Kedua perguruan tinggi (UII dan UMY) merupakan PTAIS yang senantiasa berkembang dan maju, didukung oleh pamor berbagai prestasi akademik baik di tingkat daerah, nasional, maupun internasional yang telah menjadikan manajemen mutu program pendidikan tinggi sebagai landasan pengembangannya. dari universitas Islam mereka. program pendidikan tinggi tetap mengedepankan ciri nilai-nilai keislaman serta semangat otonomi pendidikan yang berbasis manajemen berdasarkan kemandirian institusi. Baik UII maupun UMY, kedua perguruan tinggi ini dapat dipandang sebagai representasi dari PTAIS yang mempunyai kualitas terbaik, menerapkan manajemen mutu, menerapkan IT yang terintegrasi dalam proses pendidikan tinggi dan memiliki banyak konsumen yang menggunakan jasa pendidikan tinggi swasta, sehingga mereka layak dijadikan objek penelitian untuk mengetahui sejauh mana implikasi penerapan manajemen mutu program pendidikan di PTAIS terhadap mutu hasil pendidikan yang dihasilkannya. Contoh penerapan triangulasi dalam penelitian ini adalah membandingkan hasil wawancara atau informasi yang diperoleh dari pimpinan UII dan UMY.

Pendekatan dan Metode Penelitian

Analisis seperti ini dapat menggambarkan lingkungan secara lebih lengkap dan dapat mengambil keputusan apakah akan dipindahkan ke lingkungan lain atau tidak. Pandangan ini dibenarkan oleh Sukmadinata yang mengatakan bahwa “Penelitian kualitatif berakar pada latar belakang alami seperti perlunya mengandalkan orang sebagai alat penelitian, menggunakan metode kualitatif dan melakukan analisis induktif”. Sejalan dengan hal tersebut, Lincoln dan Guba (1990:19) menyatakan, “Penelitian dengan metode kualitatif akan membuka peluang yang lebih luas untuk menjalin hubungan langsung antara peneliti dengan responden atau tujuan penelitian.” Tujuan penelitian diarahkan untuk menemukan teori-teori dasar. Ciri-ciri tersebut berarti bahwa pertama, peneliti sendirilah yang menjadi instrumen utama untuk mengunjungi sumber data secara langsung.

Kedua, pelaksanaan data yang dikumpulkan dalam penelitian ini biasanya berbentuk kata-kata, bukan angka.
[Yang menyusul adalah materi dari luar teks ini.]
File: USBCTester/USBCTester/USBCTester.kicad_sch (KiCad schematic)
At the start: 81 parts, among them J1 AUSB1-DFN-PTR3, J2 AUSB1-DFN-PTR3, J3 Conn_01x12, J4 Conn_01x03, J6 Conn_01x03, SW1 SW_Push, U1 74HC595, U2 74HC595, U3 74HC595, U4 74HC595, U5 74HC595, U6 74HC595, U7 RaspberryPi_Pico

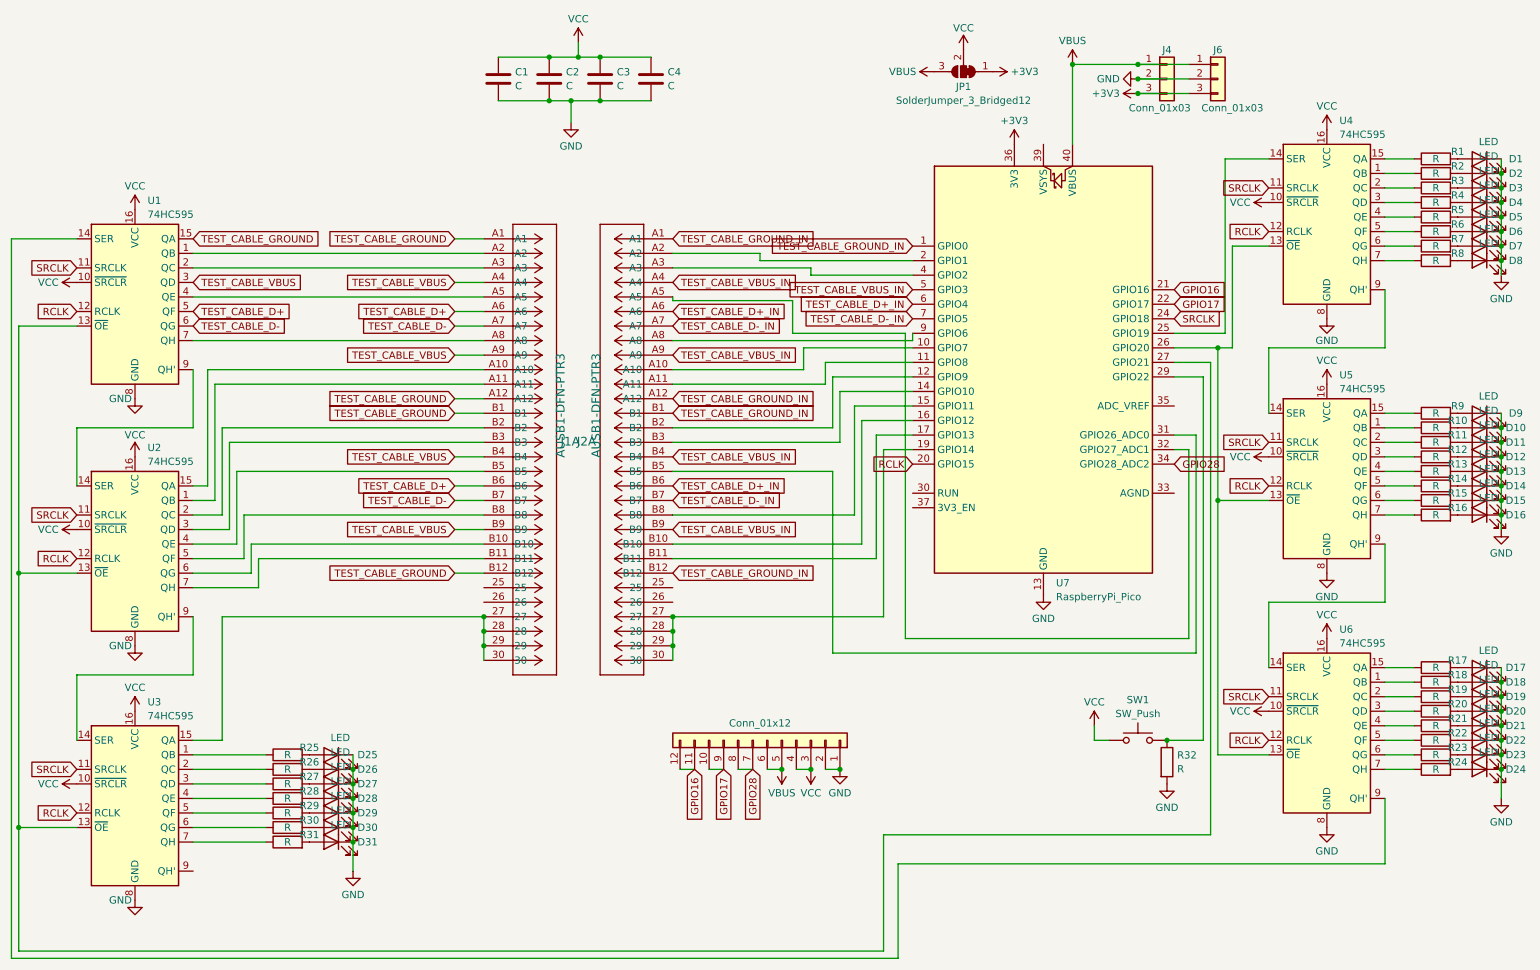
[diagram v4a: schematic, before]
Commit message: add 3rd incompatible footprint design
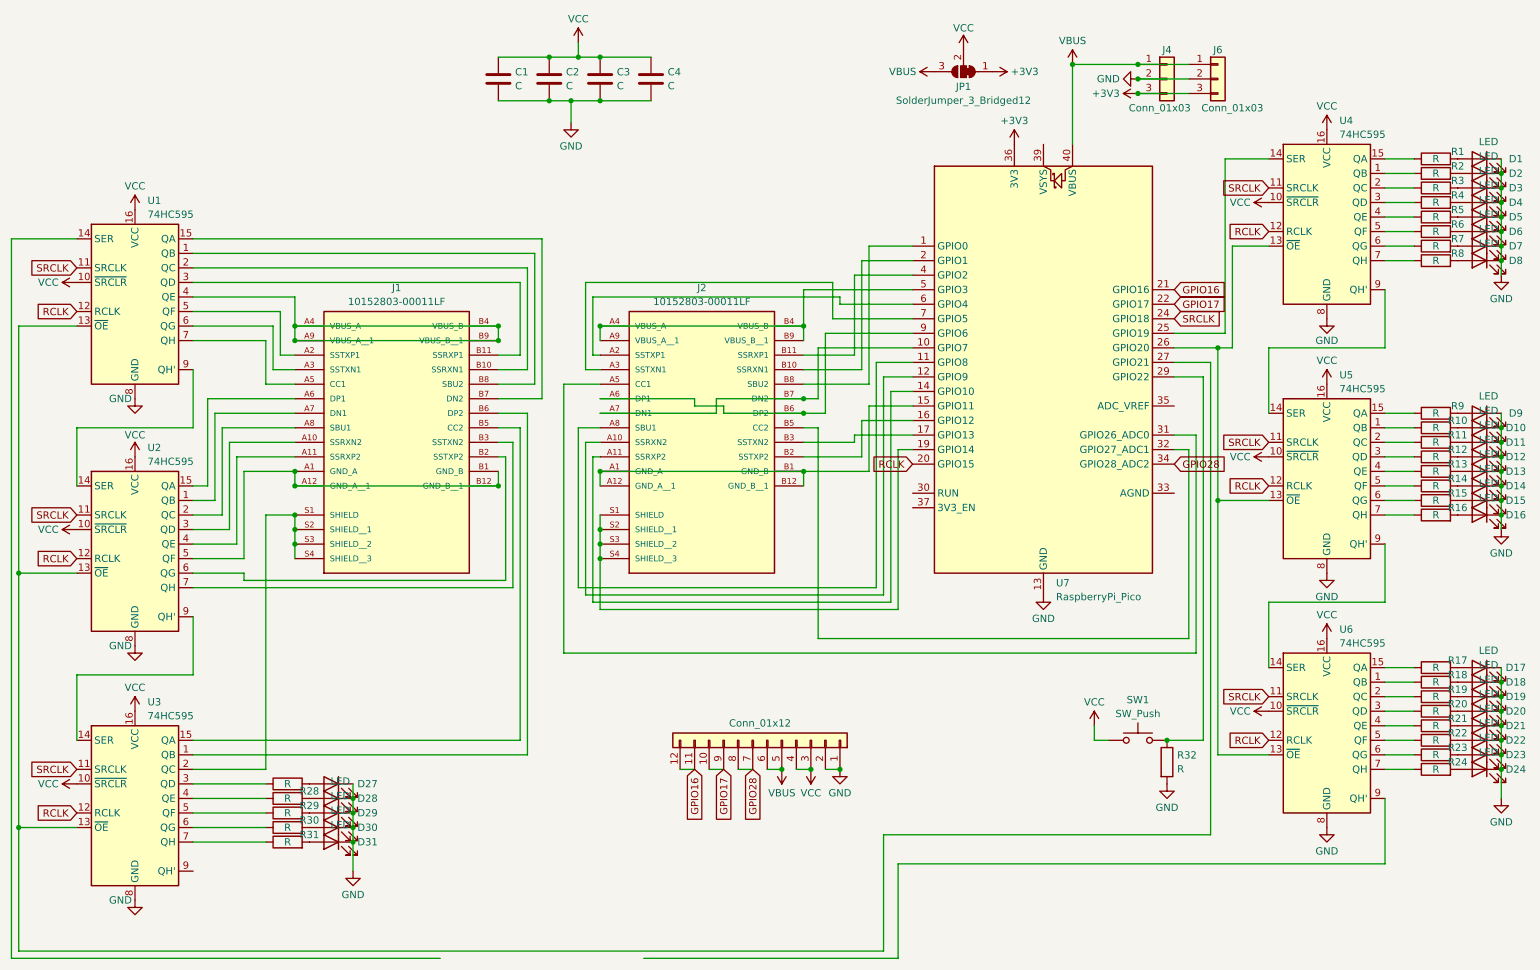
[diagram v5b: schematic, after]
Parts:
- removed D25, D26: LED, LED_SMD:LED_0603_1608Metric, symbol Device:LED
- removed J1, J2: AUSB1-DFN-PTR3, USBCFootprint:USBCConnector_WithShield, symbol USBCSymbol:AUSB1-DFN-PTR3
- removed R25, R26: R, Resistor_SMD:R_0603_1608Metric, symbol Device:R
- added J1, J2: 10152803-00011LF, USBCFootprint:AMPHENOL_10152803-00011LF, symbol USBCSymbol:10152803-00011LF
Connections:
- net at U1.1 (QB): now also J1.B8 (SBU2)
- net at U1.14 (SER): no longer U6.9 (QH')
- net at U1.2 (QC): now also J1.B10 (SSRXN1)
- net at U1.4 (QE): now also J1.A4 (VBUS_A), J1.A9 (VBUS_A__1), J1.B4 (VBUS_B), J1.B9 (VBUS_B__1)
- net at U1.7 (QH): now also J1.A5 (CC1)
- net at U7.10 (GPIO7): now also J2.A7 (DN1), J2.B7 (DN2)
- net at U7.11 (GPIO8): now also J2.A8 (SBU1)
- net at U7.12 (GPIO9): now also J2.A10 (SSRXN2)
- net at U7.14 (GPIO10): now also J2.A11 (SSRXP2)
- net at U7.15 (GPIO11): now also J2.A1 (GND_A), J2.A12 (GND_A__1), J2.B1 (GND_B), J2.B12 (GND_B__1)
- net at U7.16 (GPIO12): now also J2.B2 (SSTXP2)
- net at U7.17 (GPIO13): now also J2.B3 (SSTXN2)
- net at U7.19 (GPIO14): now also J2.S1 (SHIELD), J2.S2 (SHIELD__1), J2.S3 (SHIELD__2), J2.S4 (SHIELD__3)
- net at U7.2 (GPIO1): now also J2.B10 (SSRXN1)
- net at U7.31 (GPIO26_ADC0): now also J2.A5 (CC1)
- net at U7.32 (GPIO27_ADC1): now also J2.B5 (CC2)
- net at U7.4 (GPIO2): now also J2.B11 (SSRXP1)
- net at U7.9 (GPIO6): now also J2.A6 (DP1), J2.B6 (DP2)
- net at U3.2 (QC): now also J1.S1 (SHIELD), J1.S2 (SHIELD__1), J1.S3 (SHIELD__2), J1.S4 (SHIELD__3)
- net at U2.1 (QB): now also J1.A7 (DN1)
- net at U2.15 (QA): now also J1.A6 (DP1)
- net at U2.2 (QC): now also J1.A8 (SBU1)
- net at U2.3 (QD): now also J1.A10 (SSRXN2)
- net at U2.4 (QE): now also J1.A11 (SSRXP2)
- net at U2.5 (QF): now also J1.A1 (GND_A), J1.A12 (GND_A__1), J1.B1 (GND_B), J1.B12 (GND_B__1)
- net at U2.6 (QG): now also J1.B2 (SSTXP2)
- net at U2.7 (QH): now also J1.B3 (SSTXN2)
- net at U3.15 (QA): now also J1.B5 (CC2)
- net at U3.1 (QB): now also J1.B6 (DP2)
- net TEST_CABLE_D+: no longer names the net of U1.5 (QF)
- net TEST_CABLE_D+: now also J1.A2 (SSTXP1)
- net TEST_CABLE_D+_IN: no longer names the net of U7.6 (GPIO4)
- net TEST_CABLE_D+_IN: now also J2.A2 (SSTXP1)
- net TEST_CABLE_D-: no longer names the net of U1.6 (QG)
- net TEST_CABLE_D-: now also J1.A3 (SSTXN1)
- net TEST_CABLE_D-_IN: no longer names the net of U7.7 (GPIO5)
- net TEST_CABLE_D-_IN: now also J2.A3 (SSTXN1)
- net TEST_CABLE_GROUND: no longer names the net of U1.15 (QA)
- net TEST_CABLE_GROUND: now also J1.B7 (DN2)
- net TEST_CABLE_GROUND_IN: no longer names the net of U7.1 (GPIO0)
- net TEST_CABLE_GROUND_IN: now also J2.B8 (SBU2)
- net TEST_CABLE_VBUS: no longer names the net of U1.3 (QD)
- net TEST_CABLE_VBUS: now also J1.B11 (SSRXP1)
- net TEST_CABLE_VBUS_IN: no longer names the net of U7.5 (GPIO3)
- net TEST_CABLE_VBUS_IN: now also J2.A4 (VBUS_A), J2.A9 (VBUS_A__1), J2.B4 (VBUS_B), J2.B9 (VBUS_B__1)

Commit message: switch to USB4080 footprint
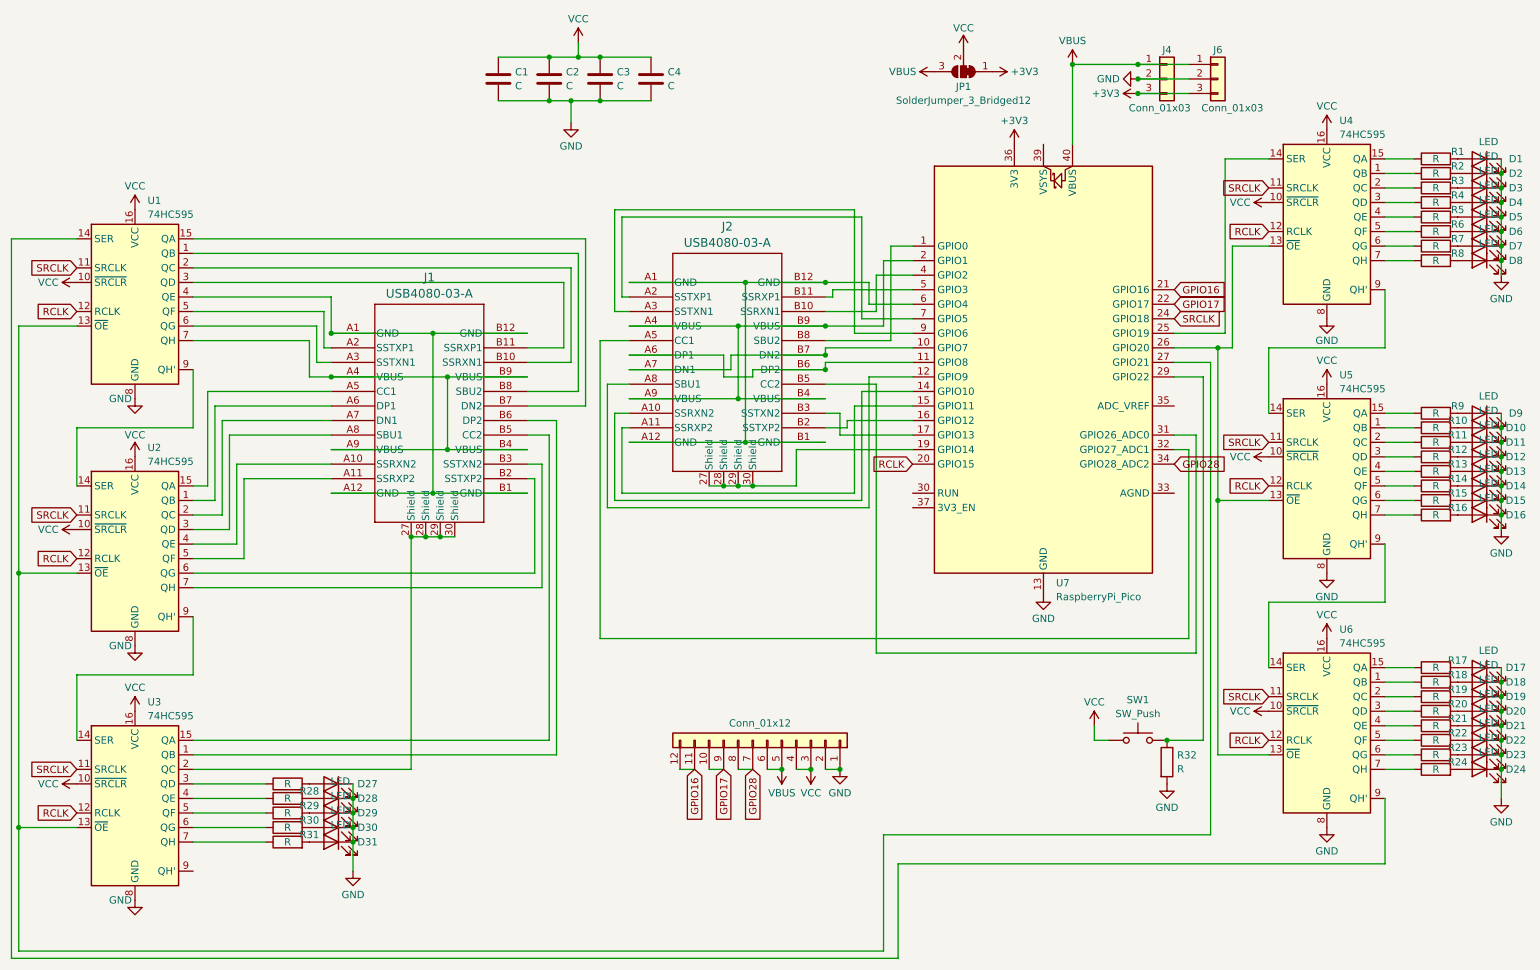
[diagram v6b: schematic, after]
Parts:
- removed J1, J2: 10152803-00011LF, USBCFootprint:AMPHENOL_10152803-00011LF, symbol USBCSymbol:10152803-00011LF
- added J1, J2: USB4080-03-A, USB4080-03-A_GCT, symbol USBCSymbol:USB4080-03-A
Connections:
- net at U1.1 (QB): now also J1.B8 (SBU2)
- net at U1.14 (SER): now also U6.9 (QH')
- net at U1.15 (QA): now also J1.B7 (DN2)
- net at U1.2 (QC): now also J1.B10 (SSRXN1)
- net at U1.3 (QD): now also J1.B11 (SSRXP1)
- net at U1.4 (QE): now also J1.A1 (GND), J1.A12 (GND), J1.B1 (GND), J1.B12 (GND)
- net at U1.5 (QF): now also J1.A2 (SSTXP1)
- net at U1.6 (QG): now also J1.A3 (SSTXN1)
- net at U1.7 (QH): now also J1.A4 (VBUS), J1.A9 (VBUS), J1.B4 (VBUS), J1.B9 (VBUS)
- net at U7.1 (GPIO0): now also J2.B8 (SBU2)
- net at U7.10 (GPIO7): now also J2.A7 (DN1), J2.B7 (DN2)
- net at U7.11 (GPIO8): now also J2.A6 (DP1), J2.B6 (DP2)
- net at U7.12 (GPIO9): now also J2.A8 (SBU1)
- net at U7.14 (GPIO10): now also J2.A10 (SSRXN2)
- net at U7.15 (GPIO11): now also J2.A11 (SSRXP2)
- net at U7.16 (GPIO12): now also J2.B2 (SSTXP2)
- net at U7.17 (GPIO13): now also J2.B3 (SSTXN2)
- net at U7.19 (GPIO14): now also J2.27 (Shield), J2.28 (Shield), J2.29 (Shield), J2.30 (Shield)
- net at U7.2 (GPIO1): now also J2.A4 (VBUS), J2.A9 (VBUS), J2.B4 (VBUS), J2.B9 (VBUS)
- net at U7.31 (GPIO26_ADC0): now also J2.B5 (CC2)
- net at U7.32 (GPIO27_ADC1): now also J2.A5 (CC1)
- net at U7.4 (GPIO2): now also J2.B10 (SSRXN1)
- net at U7.5 (GPIO3): now also J2.B11 (SSRXP1)
- net at U7.6 (GPIO4): now also J2.A1 (GND), J2.A12 (GND), J2.B1 (GND), J2.B12 (GND)
- net at U7.7 (GPIO5): now also J2.A2 (SSTXP1)
- net at U7.9 (GPIO6): now also J2.A3 (SSTXN1)
- net at U2.1 (QB): now also J1.A6 (DP1)
- net at U2.15 (QA): now also J1.A5 (CC1)
- net at U2.2 (QC): now also J1.A7 (DN1)
- net at U2.3 (QD): now also J1.A8 (SBU1)
- net at U2.4 (QE): now also J1.A10 (SSRXN2)
- net at U2.5 (QF): now also J1.A11 (SSRXP2)
- net at U2.6 (QG): now also J1.B2 (SSTXP2)
- net at U2.7 (QH): now also J1.B3 (SSTXN2)
- net at U3.15 (QA): now also J1.B5 (CC2)
- net at U3.1 (QB): now also J1.B6 (DP2)
- net at U3.2 (QC): now also J1.27 (Shield), J1.28 (Shield), J1.29 (Shield), J1.30 (Shield)

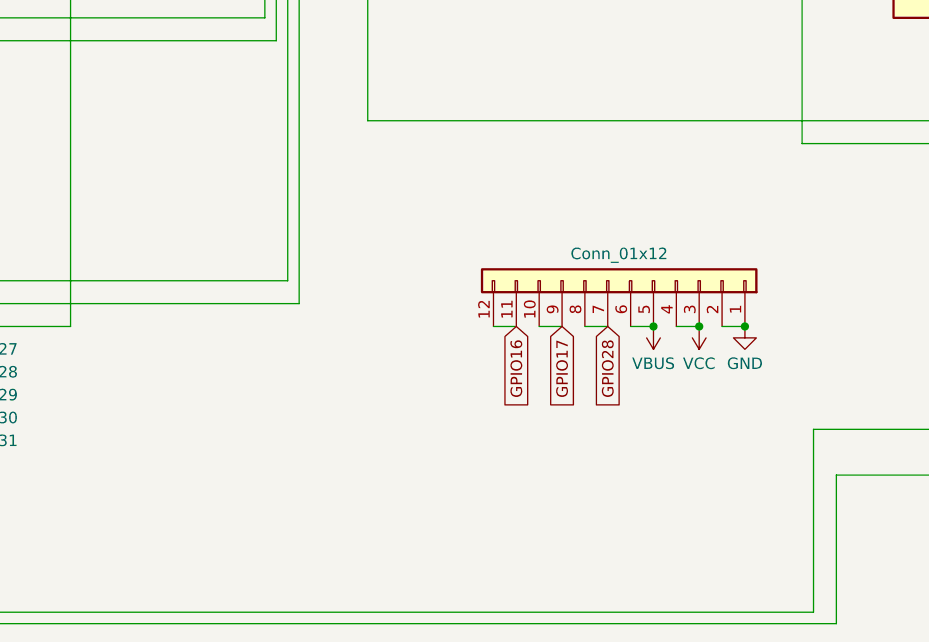
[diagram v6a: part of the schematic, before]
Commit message: add protoboard, lots of tweaks and silkscreen improvements
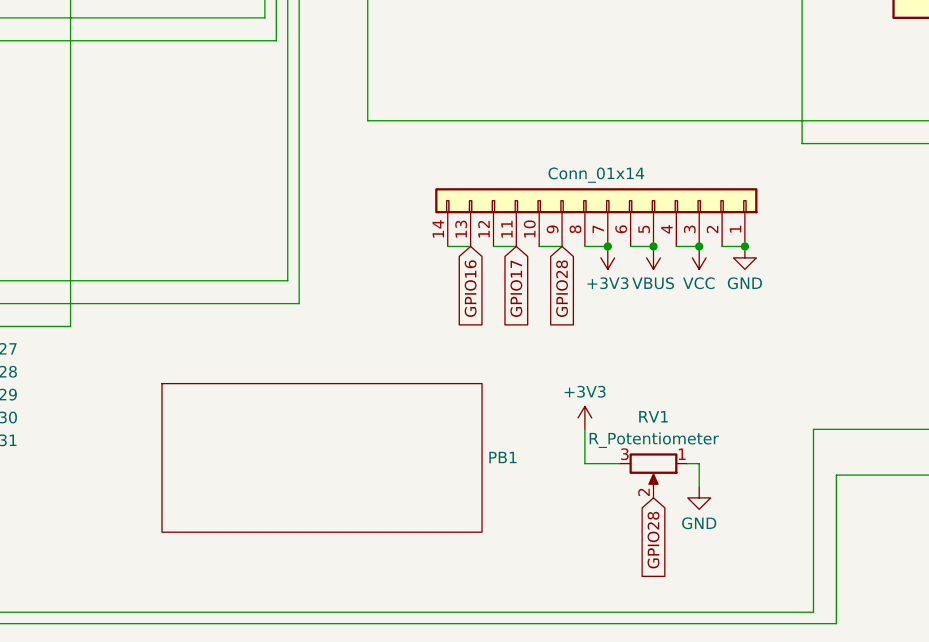
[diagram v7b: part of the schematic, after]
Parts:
- added PB1: ~, ProtoBoard:ProtoBoard 14x6, symbol ProtoBoard:14x6ProtoBoard
- added RV1: R_Potentiometer, Potentiometer_SMD:Potentiometer_Vishay_TS53YL_Vertical, symbol Device:R_Potentiometer
- J1, J2: footprint USB4080-03-A_GCT -> USBCFootprint:USB4080-03-A_GCT_RoundHoles
- J3: value Conn_01x12 -> Conn_01x14; footprint Connector_PinSocket_2.54mm:PinSocket_1x12_P2.54mm_Vertical -> Connector_PinSocket_2.54mm:PinSocket_1x14_P2.54mm_Vertical; symbol Connector_Generic:Conn_01x12 -> Connector_Generic:Conn_01x14
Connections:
- net +3V3: now also J3.7 (Pin_7), J3.8 (Pin_8), RV1.3
- net GND: now also RV1.1
- net GPIO16: now also J3.13 (Pin_13), J3.14 (Pin_14); no longer J3.11 (Pin_11), J3.12 (Pin_12)
- net GPIO17: now also J3.11 (Pin_11), J3.12 (Pin_12); no longer J3.10 (Pin_10), J3.9 (Pin_9)
- net GPIO28: now also J3.10 (Pin_10), J3.9 (Pin_9), RV1.2; no longer J3.7 (Pin_7), J3.8 (Pin_8)

Ketiga, menjelaskan bahwa temuan penelitian kualitatif menekankan pada proses, bukan sekedar hasil, dan keempat, melalui analisis induktif, peneliti mengungkap makna dari kondisi yang diamati, baik di UII maupun di UMY. Dari pernyataan-pernyataan tersebut dapat disimpulkan bahwa metode penelitian kualitatif mempunyai ciri-ciri utama sebagai berikut: (1) pengumpulan data berlangsung dalam lingkungan alami tanpa manipulasi situasi, dengan peneliti sebagai instrumen, (2) hasil penelitian bersifat deskriptif, mengutamakan proses daripada produk, (3) analisis data dilakukan secara terus menerus untuk mencari makna yang bersifat konseptual atau sesuai dengan persepsi subjek yang diteliti, dan (4) kesimpulan dibentuk melalui proses verifikasi dan triangulasi. .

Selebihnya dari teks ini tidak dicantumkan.